> **PROBLEM DESCRIPTION**: Transcribe exactly the lines that fall between the one holding "Product : Product" and the one holding "Product/1 -> Subsystem/1(In1)", inclusive, from the entries below.

> **MATERIAL FOR THIS TASK**:
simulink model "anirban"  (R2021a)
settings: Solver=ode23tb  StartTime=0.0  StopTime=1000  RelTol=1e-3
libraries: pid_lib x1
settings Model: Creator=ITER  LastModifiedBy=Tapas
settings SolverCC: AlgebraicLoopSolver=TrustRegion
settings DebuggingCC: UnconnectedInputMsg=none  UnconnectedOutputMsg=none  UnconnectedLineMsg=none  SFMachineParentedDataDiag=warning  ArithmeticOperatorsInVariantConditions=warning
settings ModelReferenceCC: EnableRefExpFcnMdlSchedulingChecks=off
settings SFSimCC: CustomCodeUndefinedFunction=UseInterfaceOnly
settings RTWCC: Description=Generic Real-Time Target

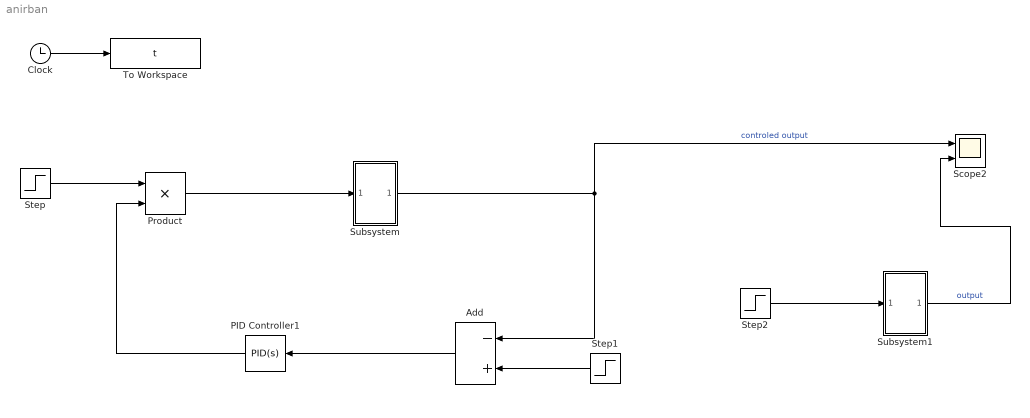
== system anirban ==
  Add : Sum  Inputs=-+
  Clock : Clock
  PID Controller1 : pid_lib/PID Controller  Controller=PID  Form=Parallel  TimeDomain=Continuous-time  UseExternalTs=off  SampleTime=-1  IntegratorMethod=Forward Euler  FilterMethod=Forward Euler  ControllerParametersSource=internal  P=0  I=0.00316628398292372  D=0  UseFilter=on  N=100  TunerSelectOption=Transfer Function Based (PID Tuner App)  InitialConditionSource=internal  InitialConditionForIntegrator=0  InitialConditionForFilter=0  DifferentiatorICPrevScaledInput=0  ExternalReset=none  TrackingMode=off  Kt=1  LimitOutput=off  SatLimitsSource=internal  UpperSaturationLimit=inf  LowerSaturationLimit=-inf  LinearizeAsGain=on  AntiWindupMode=none  Kb=1  POutMin=[]  POutMax=[]  IOutMin=[]  IOutMax=[]  DOutMin=[]  DOutMax=[]  NOutMin=[]  NOutMax=[]  SumOutMin=[]  SumOutMax=[]  SaturationOutMin=[]  SaturationOutMax=[]  PParamMin=[]  PParamMax=[]  IParamMin=[]  IParamMax=[]  DParamMin=[]  DParamMax=[]  NParamMin=[]  NParamMax=[]  KbParamMin=[]  KbParamMax=[]  KtParamMin=[]  KtParamMax=[]  KbOutMin=[]  KbOutMax=[]  KtOutMin=[]  KtOutMax=[]  IntegratorOutMin=[]  IntegratorOutMax=[]  FilterOutMin=[]  FilterOutMax=[]  SumI1OutMin=[]  SumI1OutMax=[]  SumI2OutMin=[]  SumI2OutMax=[]  SumI3OutMin=[]  SumI3OutMax=[]  SumI4OutMin=[]  SumI4OutMax=[]  SumDOutMin=[]  SumDOutMax=[]  DifferentiatorOutMin=[]  DifferentiatorOutMax=[]  FilterDiffOutCoefMin=[]  FilterDiffOutCoefMax=[]  ReciprocalOutMin=[]  ReciprocalOutMax=[]  SumDenOutMin=[]  SumDenOutMax=[]  SumNumOutMin=[]  SumNumOutMax=[]  DivideOutMin=[]  DivideOutMax=[]  UdiffTsProdOutMin=[]  UdiffTsProdOutMax=[]  NTsProdOutMin=[]  NTsProdOutMax=[]  UintegralTsProdOutMin=[]  UintegralTsProdOutMax=[]  UngainTsProdOutMin=[]  UngainTsProdOutMax=[]  IntegratorContinuousStateAttributes=''  IntegratorStateMustResolveToSignalObject=off  IntegratorRTWStateStorageClass=Auto  FilterContinuousStateAttributes=''  FilterStateMustResolveToSignalObject=off  FilterRTWStateStorageClass=Auto  ParallelPVariant=InternalParameters  IdealPVariant=Disabled  IVariant=InternalParameters  DVariant=InternalParameters  IntegratorVariant=Continuous  SatVariant=Disabled  AWVariant=Passthrough  PCopyVariant=Disabled  TRVariant=Disabled  FdbkBlocksVariant=Forward  IdealPFdbkVariant=Disabled  SatFdbkVariant=Disabled  DerivativeFilterVariant=ContFilter  NVariant=InternalParameters  NCopyVariant=Disabled  FilterICVariant=InternalICsFilter  IntegratorICVariant=InternalICs  ExternalResetVariant=Disabled  TRSumVariant=Passthrough  SumFdbkVariant=Disabled  SumVariant=Sum_PID  TsampFilterVariant=InternalTs  TsampNgainVariant=Passthrough  TsampIntegralVariant=Passthrough  ExternalSaturationOutDataTypeStr=Inherit: Same as second input
  Product : Product
  Scope2 : Scope  NumInputPorts=2
  Step : Step  Time=0  After=10  SampleTime=0
  Step1 : Step  Time=0  After=4  SampleTime=0
  Step2 : Step  Time=0  After=10  SampleTime=0
  Subsystem : Subsystem
  Subsystem1 : Subsystem
  To Workspace : ToWorkspace  VariableName=t  SaveFormat=Timeseries  SampleTime=-1
  wires:
  Subsystem/1(Out1) -> Add/1, Scope2/1  "controled output"
  Step/1 -> Product/1
  PID Controller1/1 -> Product/2
  Add/1 -> PID Controller1/1
  Step1/1 -> Add/2
  Product/1 -> Subsystem/1(In1)
  Clock/1 -> To Workspace/1
  Step2/1 -> Subsystem1/1(In1)
  Subsystem1/1(Out1) -> Scope2/2  "output"

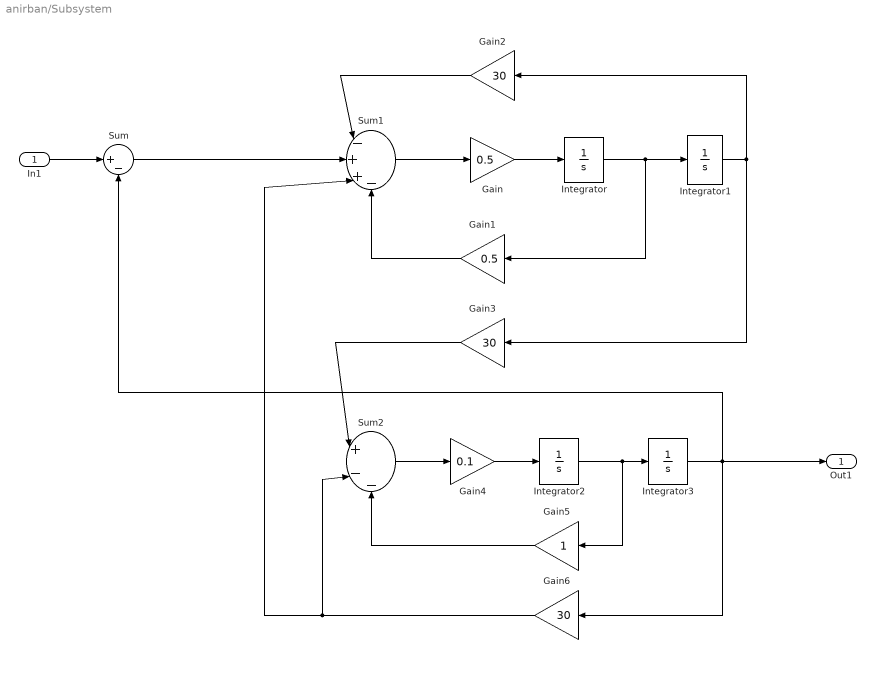
== system anirban/Subsystem ==
  In1 : Inport
  Gain : Gain  Gain=0.5
  Gain1 : Gain  Gain=0.5
  Gain2 : Gain  Gain=30
  Gain3 : Gain  Gain=30
  Gain4 : Gain  Gain=0.1
  Gain5 : Gain
  Gain6 : Gain  Gain=30
  Integrator{,1..3} (4 alike) : Integrator
  Sum : Sum  Inputs=|+-
  Sum1 : Sum  Inputs=|-++-
  Sum2 : Sum  Inputs=|+--
  Out1 : Outport
  wires:
  Gain6/1 -> Sum2/2, Sum1/3
  Sum/1 -> Sum1/2
  Integrator2/1 -> Gain5/1, Integrator3/1
  Gain4/1 -> Integrator2/1
  Integrator/1 -> Gain1/1, Integrator1/1
  Gain5/1 -> Sum2/3
  Integrator3/1 -> Out1/1, Sum/2, Gain6/1
  Integrator1/1 -> Gain2/1, Gain3/1
  Gain1/1 -> Sum1/4
  Sum2/1 -> Gain4/1
  Gain2/1 -> Sum1/1
  Gain/1 -> Integrator/1
  Sum1/1 -> Gain/1
  Gain3/1 -> Sum2/1
  In1/1 -> Sum/1

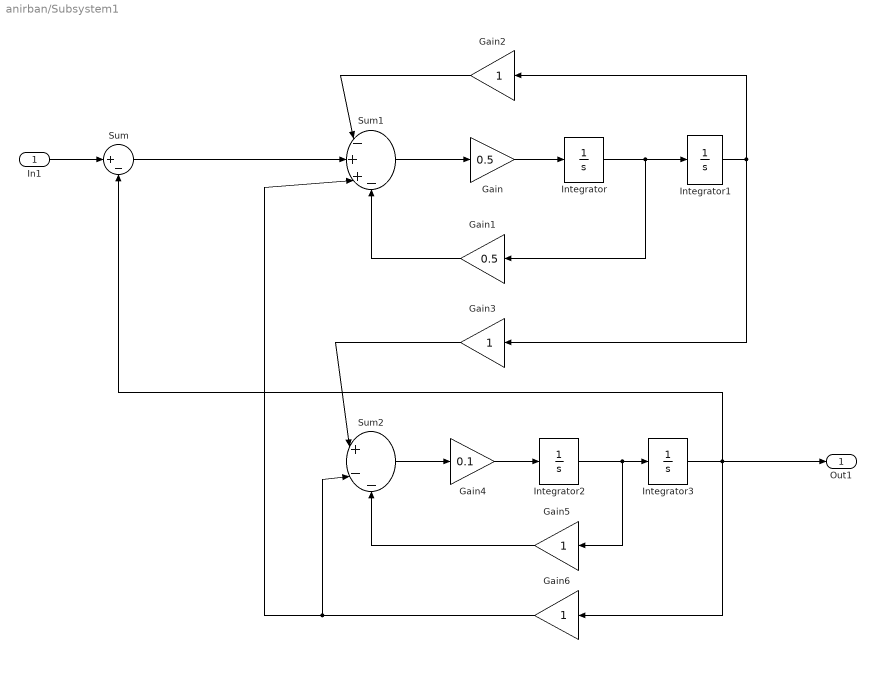
== system anirban/Subsystem1 ==
  In1 : Inport
  Gain : Gain  Gain=0.5
  Gain1 : Gain  Gain=0.5
  Gain{2..3,5..6} (4 alike) : Gain
  Gain4 : Gain  Gain=0.1
  Integrator{,1..3} (4 alike) : Integrator
  Sum : Sum  Inputs=|+-
  Sum1 : Sum  Inputs=|-++-
  Sum2 : Sum  Inputs=|+--
  Out1 : Outport
  wires:
  Gain6/1 -> Sum2/2, Sum1/3
  Sum/1 -> Sum1/2
  Integrator2/1 -> Gain5/1, Integrator3/1
  Gain4/1 -> Integrator2/1
  Integrator/1 -> Gain1/1, Integrator1/1
  Gain5/1 -> Sum2/3
  Integrator3/1 -> Out1/1, Sum/2, Gain6/1
  Integrator1/1 -> Gain2/1, Gain3/1
  Gain1/1 -> Sum1/4
  Sum2/1 -> Gain4/1
  Gain2/1 -> Sum1/1
  Gain/1 -> Integrator/1
  Sum1/1 -> Gain/1
  Gain3/1 -> Sum2/1
  In1/1 -> Sum/1
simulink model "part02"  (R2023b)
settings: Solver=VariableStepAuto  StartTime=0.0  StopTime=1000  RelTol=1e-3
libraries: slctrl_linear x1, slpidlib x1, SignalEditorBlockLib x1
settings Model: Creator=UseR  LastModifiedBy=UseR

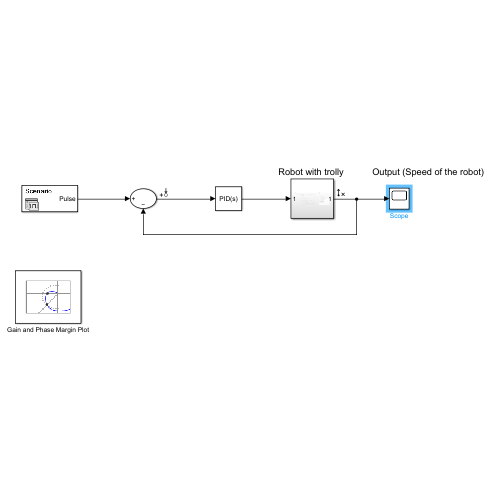
[thumbnail: Simulink's stored preview of the top-level diagram]
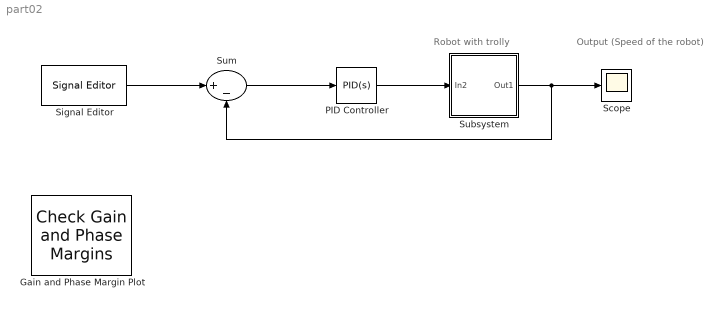
== system part02 ==
  note: Robot with trolly
  note: Output (Speed of the robot)
  Gain and Phase Margin Plot : slctrl_linear/Check Gain and Phase Margins  InstantiateOnLoad=on  SaveOperatingPoints=off  LinearizationIOs={'/Sum', 1, 'in', 'off', '';'/Subsystem', 1, 'out', 'on', ''}  LinearizeAt=SnapshotTimes  SnapshotTimes=[0]  TriggerType=rising  SampleTime=auto  RateConversionMethod=zoh  PreWarpFreq=10  UseExactDelayModel=off  UseFullBlockNameLabels=off  UseBusSignalLabels=off  enabled=on  stopWhenAssertionFail=off  export=off  ViewDlgPos=[538.6 196.2 509.6 389.6]  LaunchViewOnOpen=off  OpenViewOnLoad=off  FrequencyUnits=rad/s  MagnitudeUnits=dB  PhaseUnits=deg  TimeUnits=seconds  EnableMargins=off  GainMargin=[]  PhaseMargin=[]  PlotType=bode  FeedbackSign=-1
      settings: LibrarySourceBlock=slctrlblks/Linear Analysis Plots/Gain and Phase Margin Plot  SaveToWorkspace=off  SaveName=sys
  PID Controller : slpidlib/PID Controller  Controller=PID  Form=Parallel  TimeDomain=Continuous-time  UseExternalTs=off  SampleTime=-1  IntegratorMethod=Forward Euler  FilterMethod=Forward Euler  ControllerParametersSource=internal  P=1.11772359600471  I=1.55843985068434  UseKiTs=off  D=-1.42512019564477  N=0.833120453939515  UseFilter=on  TunerSelectOption=Transfer Function Based (PID Tuner App)  InitialConditionSource=internal  InitialConditionForIntegrator=0  InitialConditionForFilter=0  DifferentiatorICPrevScaledInput=0  ExternalReset=none  TrackingMode=off  Kt=1  LimitOutput=off  SatLimitsSource=internal  UpperSaturationLimit=inf  LowerSaturationLimit=-inf  LinearizeAsGain=on  AntiWindupMode=none  Kb=1  LimitIntegrator=off  UpperIntegratorSaturationLimit=inf  LowerIntegratorSaturationLimit=-inf  POutMin=[]  POutMax=[]  IOutMin=[]  IOutMax=[]  DOutMin=[]  DOutMax=[]  NOutMin=[]  NOutMax=[]  SumOutMin=[]  SumOutMax=[]  SaturationOutMin=[]  SaturationOutMax=[]  PParamMin=[]  PParamMax=[]  IParamMin=[]  IParamMax=[]  DParamMin=[]  DParamMax=[]  NParamMin=[]  NParamMax=[]  KbParamMin=[]  KbParamMax=[]  KtParamMin=[]  KtParamMax=[]  KbOutMin=[]  KbOutMax=[]  KtOutMin=[]  KtOutMax=[]  IntegratorOutMin=[]  IntegratorOutMax=[]  FilterOutMin=[]  FilterOutMax=[]  SumI1OutMin=[]  SumI1OutMax=[]  SumI2OutMin=[]  SumI2OutMax=[]  SumI3OutMin=[]  SumI3OutMax=[]  SumI4OutMin=[]  SumI4OutMax=[]  SumDOutMin=[]  SumDOutMax=[]  DifferentiatorOutMin=[]  DifferentiatorOutMax=[]  FilterDiffOutCoefMin=[]  FilterDiffOutCoefMax=[]  ReciprocalOutMin=[]  ReciprocalOutMax=[]  SumDenOutMin=[]  SumDenOutMax=[]  SumNumOutMin=[]  SumNumOutMax=[]  DivideOutMin=[]  DivideOutMax=[]  UdiffTsProdOutMin=[]  UdiffTsProdOutMax=[]  NTsProdOutMin=[]  NTsProdOutMax=[]  UintegralTsProdOutMin=[]  UintegralTsProdOutMax=[]  UngainTsProdOutMin=[]  UngainTsProdOutMax=[]  ClampingZeroOutDataTypeStr=Inherit: Inherit via back propagation  ClampingZeroOutMin=[]  ClampingZeroOutMax=[]  FilterDenConstantOutDataTypeStr=Inherit: Inherit via back propagation  FilterDenConstantOutMin=[]  FilterDenConstantOutMax=[]  PCopyOutDataTypeStr=Inherit: Inherit via back propagation  PCopyOutMin=[]  PCopyOutMax=[]  NCopyOutDataTypeStr=Inherit: Inherit via back propagation  NCopyOutMin=[]  NCopyOutMax=[]  IntegratorContinuousStateAttributes=''  IntegratorStateMustResolveToSignalObject=off  IntegratorRTWStateStorageClass=Auto  FilterContinuousStateAttributes=''  FilterStateMustResolveToSignalObject=off  FilterRTWStateStorageClass=Auto  ParallelPVariant=InternalParameters  IdealPVariant=Disabled  IVariant=InternalParameters  DVariant=InternalParameters  IntegratorVariant=Continuous  SatVariant=Disabled  AWVariant=Passthrough  PCopyVariant=Disabled  TRVariant=Disabled  FdbkBlocksVariant=Forward  IdealPFdbkVariant=Disabled  SatFdbkVariant=Disabled  DerivativeFilterVariant=ContFilter  NVariant=InternalParameters  NCopyVariant=Disabled  FilterICVariant=InternalICsFilter  IntegratorICVariant=InternalICs  ExternalResetVariant=Disabled  TRSumVariant=Passthrough  SumFdbkVariant=Disabled  SumVariant=Sum_PID  TsampFilterVariant=InternalTs  TsampNgainVariant=Passthrough  TsampIntegralVariant=Disabled_SignalSpec  ExternalSaturationOutDataTypeStr=Inherit: Same as second input
  Scope : Scope
  Signal Editor : SignalEditorBlockLib/Signal Editor  FileName=C:\Users\UseR\OneDrive\Desktop\untitled.mat  ActiveScenario=Scenario  ActiveSignal=Pulse  IsBus=off  OutputBusObjectStr=Bus: BusObject  SampleTime=0  Interpolate=off  ZeroCross=off  OutputAfterFinalValue=Setting to zero  Unit=inherit  PreserveSignalName=on  ApplySigPropsToAllScenarios=on  ApplySigPropsToAllSignals=off
  Subsystem : Subsystem
  Sum : Sum  Inputs=|+-
  wires:
  Subsystem/1(Out1) -> Scope/1, Sum/2
  Signal Editor/1 -> Sum/1
  Sum/1 -> PID Controller/1
  PID Controller/1 -> Subsystem/1(In2)

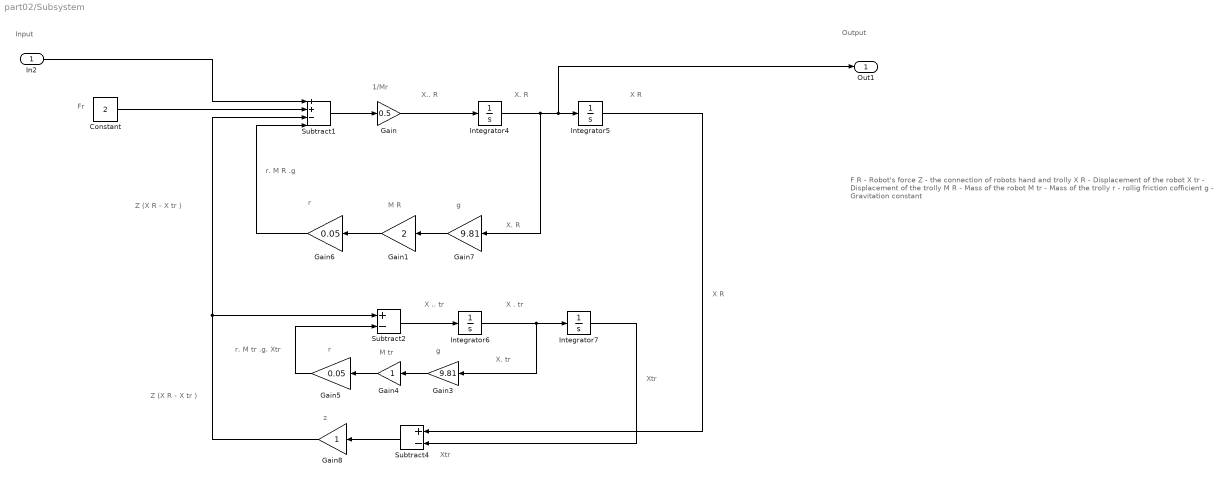
== system part02/Subsystem ==
  note: M tr
  note: g
  note: Xtr
  note: X .. tr
  note: Xtr
  note: r
  note: z
  note: r. M R .g
  note: r. M tr .g. Xtr
  note: r
  note: Z (X R - X tr )
  note: X. R
  note: X. R
  note: X. tr
  note: 1/Mr
  note: X . tr
  note: X.. R
  note: Fr
  note: M R
  note: X R
  note: X R
  note: g
  note: Input
  note: Output
  note: Z (X R - X tr )
  note: F R - Robot's force
      |
      | Z - the connection of robots hand and trolly
      |
      | X R - Displacement of the robot
      |
      | X tr - Displacement of the trolly
      |
      | M R - Mass of the robot
      |
      | M tr - Mass of the trolly
      |
      | r - rollig friction cofficient
      |
      | g - Gravitation constant
  In2 : Inport
  Constant : Constant  Value=2
  Gain : Gain  Gain=0.5
  Gain1 : Gain  Gain=2
  Gain3 : Gain  Gain=9.81
  Gain4 : Gain
  Gain5 : Gain  Gain=0.05
  Gain6 : Gain  Gain=0.05
  Gain7 : Gain  Gain=9.81
  Gain8 : Gain
  Integrator{4..7} (4 alike) : Integrator
  Subtract1 : Sum  Inputs=++--
  Subtract2 : Sum  Inputs=+-
  Subtract4 : Sum  Inputs=+-
  Out1 : Outport
  wires:
  Gain/1 -> Integrator4/1
  Integrator4/1 -> Integrator5/1, Out1/1, Gain7/1
  Subtract4/1 -> Gain8/1
  Gain8/1 -> Subtract1/3, Subtract2/1
  Constant/1 -> Subtract1/2
  Integrator5/1 -> Subtract4/1
  Gain7/1 -> Gain1/1
  In2/1 -> Subtract1/1
  Gain4/1 -> Gain5/1
  Subtract1/1 -> Gain/1
  Subtract2/1 -> Integrator6/1
  Gain1/1 -> Gain6/1
  Gain5/1 -> Subtract2/2
  Gain6/1 -> Subtract1/4
  Integrator6/1 -> Integrator7/1, Gain3/1
  Integrator7/1 -> Subtract4/2
  Gain3/1 -> Gain4/1

> **FINAL ANSWER**:
  Product : Product
  Scope2 : Scope  NumInputPorts=2
  Step : Step  Time=0  After=10  SampleTime=0
  Step1 : Step  Time=0  After=4  SampleTime=0
  Step2 : Step  Time=0  After=10  SampleTime=0
  Subsystem : Subsystem
  Subsystem1 : Subsystem
  To Workspace : ToWorkspace  VariableName=t  SaveFormat=Timeseries  SampleTime=-1
  wires:
  Subsystem/1(Out1) -> Add/1, Scope2/1  "controled output"
  Step/1 -> Product/1
  PID Controller1/1 -> Product/2
  Add/1 -> PID Controller1/1
  Step1/1 -> Add/2
  Product/1 -> Subsystem/1(In1)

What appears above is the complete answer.